Financial sector reform and its aftermath
Despite lofty reform promises after the July 2024 uprising, Bangladesh’s financial sector—especially revenue administration—remained trapped in inertia throughout 2025
After the political turnaround of July–August 2024, the entire year of 2025 can be described as a year of conceptual and structural reform. Even if not a year of actual implementation, it was certainly a year of study, reflection, and formulation of ideas. Across most sectors—constitutional reform, elections, anti-corruption, law enforcement, public administration, local government, capital markets, and others—efforts were underway to prepare reform reports and build consensus.
However, when it came to reform practice, the financial sector—especially banking, the capital market, and revenue mobilisation—appeared to receive the "short end of the stick." Although a White Paper was unveiled at the beginning of the year, there were no visible efforts to translate its contents into action.

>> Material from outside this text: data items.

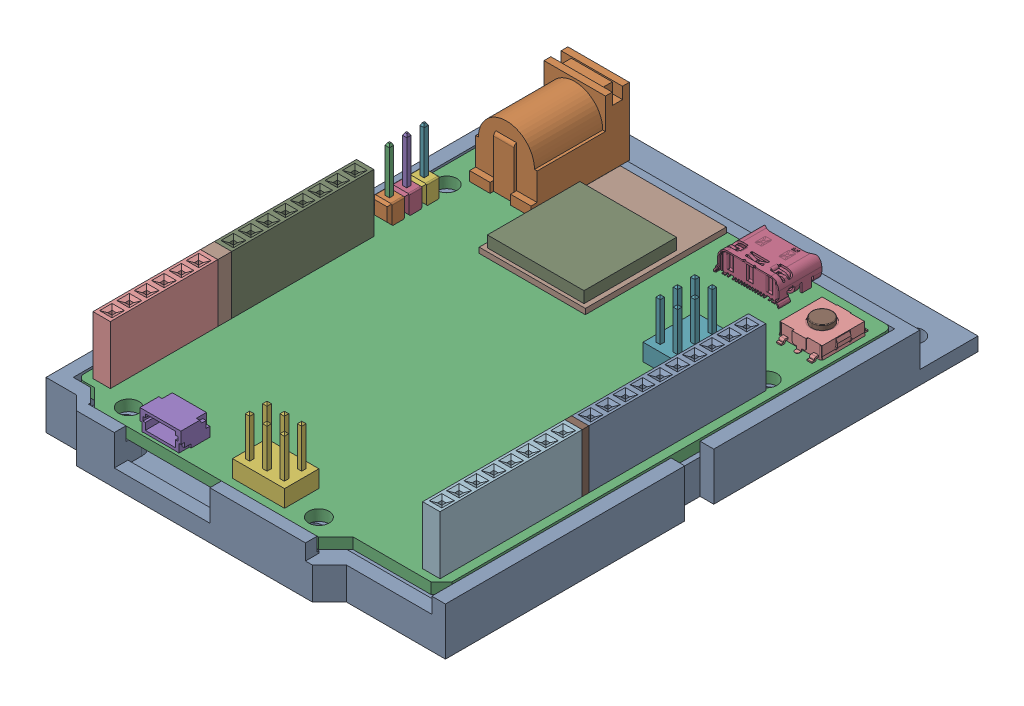
SolidWorks assembly Arduino_With_Mount_A, configuration Default. Lengths in mm.
Overall size (59.4 17.89 80.5).
2 component instances, 2 part files, 6 mates.
Components (placement in the parent):
- Arduino_Mount_B-2: Arduino_Mount_B [Default] at (0 2 0) x (-1 0 0) z (0 0 1) size (59.4 8 80.5)
- Arduino_Uno_R4_Wifi_A-1: Arduino_Uno_R4_Wifi_A [Default] at (-26.67 7 -30.29) x (0 0 1) z (0 1 0) size (70.54 53.34 14.5)
Mates (geometry in assembly coordinates):
- Coincident3: coincident anti-aligned: plane of Arduino_Mount_A-2 through (0 0 0) normal (0 -1 0)
- Coincident4: coincident aligned: plane of Arduino_Mount_A-2 through (0 2 0) normal (0 0 1)
- Coincident5: coincident anti-aligned: plane of Arduino_Mount_A-2 through (0 2 0) normal (-1 0 0)
- Width1: width aligned: plane of Arduino_Mount_A-2 through (0 2.5 38) normal (0 0 -1); plane of Arduino_Mount_A-2 through (0 2.5 -30) normal (0 0 1); plane of Arduino_Uno_R4_Wifi-1 through (-25.67 5.3937 -30.29) normal (0 0 -1); plane of Arduino_Uno_R4_Wifi-1 through (11.176 5.3937 38.29) normal (0 0 1)
- Width2: width anti-aligned: plane of Arduino_Uno_R4_Wifi-1 through (-26.67 5.3937 34.75) normal (-1 0 0); plane of Arduino_Uno_R4_Wifi-1 through (26.67 5.3937 -29.29) normal (1 0 0); plane of Arduino_Mount_A-2 through (-27 2.5 0) normal (1 0 0); plane of Arduino_Mount_A-2 through (27 2.5 0) normal (-1 0 0)
- Coincident8: coincident aligned: plane of Arduino_Mount_A-2 through (0 7 0) normal (0 1 0); plane of Arduino_Uno_R4_Wifi-1 through (-0.0974 7 3.3449) normal (0 1 0)
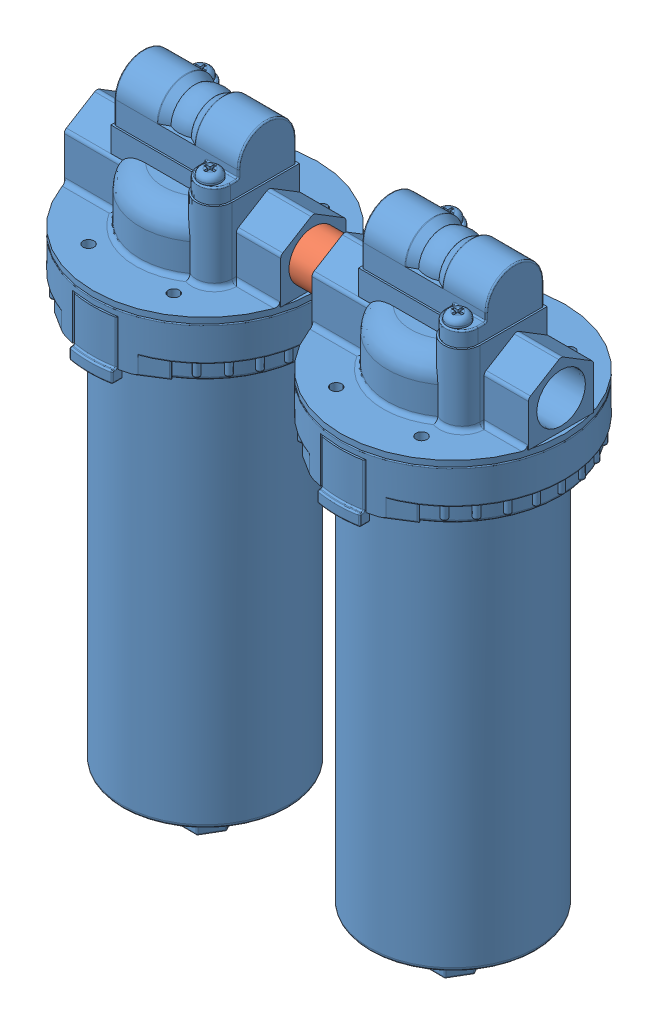
SolidWorks assembly ReadingTech_4P-060-M04-DCi, configuration Default. Lengths in mm.
Overall size (206.63 278.26 99.95).
3 component instances, 2 part files, 3 mates.
Components (placement in the parent):
- ReadingTech_3P-060-M04-Fi-1: ReadingTech_3P-060-M04-Fi [Default] at (-32.8687 -95.9408 1.7822) size (98.17 278.26 99.95)
- ReadingTech_3P-060-M04-Fi-2: ReadingTech_3P-060-M04-Fi [Default] at (75.5893 -95.9408 1.7822) size (98.17 278.26 99.95)
- ReadingTech- 60cfm_connector_.5in-1: ReadingTech- 60cfm_connector_.5in [Default] at (28.2183 119.9592 1.7822) x (0 0.479535 0.877523) z (0 -0.877523 0.479535) size (21.34 13.72 21.34)
Mates (geometry in assembly coordinates):
- Coincident1: coincident anti-aligned: circle of ReadingTech_3P-060-M04-Fi-1; circle of ReadingTech- 60cfm_connector_.5in-1
- Coincident2: coincident aligned: circle of ReadingTech_3P-060-M04-Fi-2; circle of ReadingTech- 60cfm_connector_.5in-1
- Coincident3: coincident aligned: plane of ReadingTech_3P-060-M04-Fi-1 through (14.5023 107.2592 16.0697) normal (0 0 1); plane of ReadingTech_3P-060-M04-Fi-2 through (122.9603 107.2592 16.0697) normal (0 0 1)

Yet the core focus of the White Paper was the dissection of the recently absconded development narrative and the prescription for repairing and treating a financial sector that had fallen into a deep abyss. The fate of the White Paper seems destined to resemble that of a doctor arriving only after the patient had died.
Although the authors of the White Paper, echoing the youthful vigour of Sukanta's morning verse, struck a hopeful tone about clearing the debris from Bangladesh's socio-economic courtyard, 2025 is now departing with a sense of regret—as if promises were not kept. It is easy to infer that financial sector reform did not gain sufficient traction. Where swift action was expected, the elephantine pace of reform failed to meet those expectations.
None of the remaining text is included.